BEGIN Entries provided

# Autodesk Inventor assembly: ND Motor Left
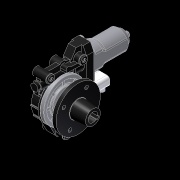
[picture p0: Inventor's stored thumbnail of the model, 180x180]
Saved by Autodesk Inventor 2012 (Build 160160000, 160)
## iProperties
Company: Team 801
Shininess: 64.0
Length Units: 11272
Angle Units: 11279
Time Units: 11290
Mass Units: 11286
Length Display Precision: 3
Angle Display Precision: 2
Compacted: True
Part Number: ND Motor Left
Document SubType Name: Assembly
Created: 2006-02-01
Designer: Jeffrey M
Catalog Web Link: www.team801.org
Density: 0.0
Volumn: 0.0
Area: 0.0
PropertySet Name: Model Information
Control State: 0
Master: False
Checked Out: False
Author: Jeffrey M
## Documents named in this file (3)
- Z:\UserData\Documents\Inventor\team1885frc\KOP Motors\ND Motor Left.iam
- Z:\UserData\Documents\Inventor\team1885frc\KOP Motors\ND Motor Left.ipt
- Z:\UserData\Documents\Inventor\team1885frc\KOP Motors\nippondensogearcoupler2.ipt
## Components (2 placed, 2 different names)
1. ND Motor Left:1 — Mate:1, Angle:1, Mate:2
2. nippondensogearcoupler2:1 — Mate:1, Angle:1, Mate:2
## Relationships (3: Mate 2, Angle 1)
- Mate:1: ND Motor Left:1 ↔ nippondensogearcoupler2:1
- Angle:1 (0 deg): ND Motor Left:1 ↔ nippondensogearcoupler2:1
- Mate:2: ND Motor Left:1 ↔ nippondensogearcoupler2:1

END Entries provided

All lines above containing the string "Display": copy each one.

**Solution to this task**
Length Display Precision: 3
Angle Display Precision: 2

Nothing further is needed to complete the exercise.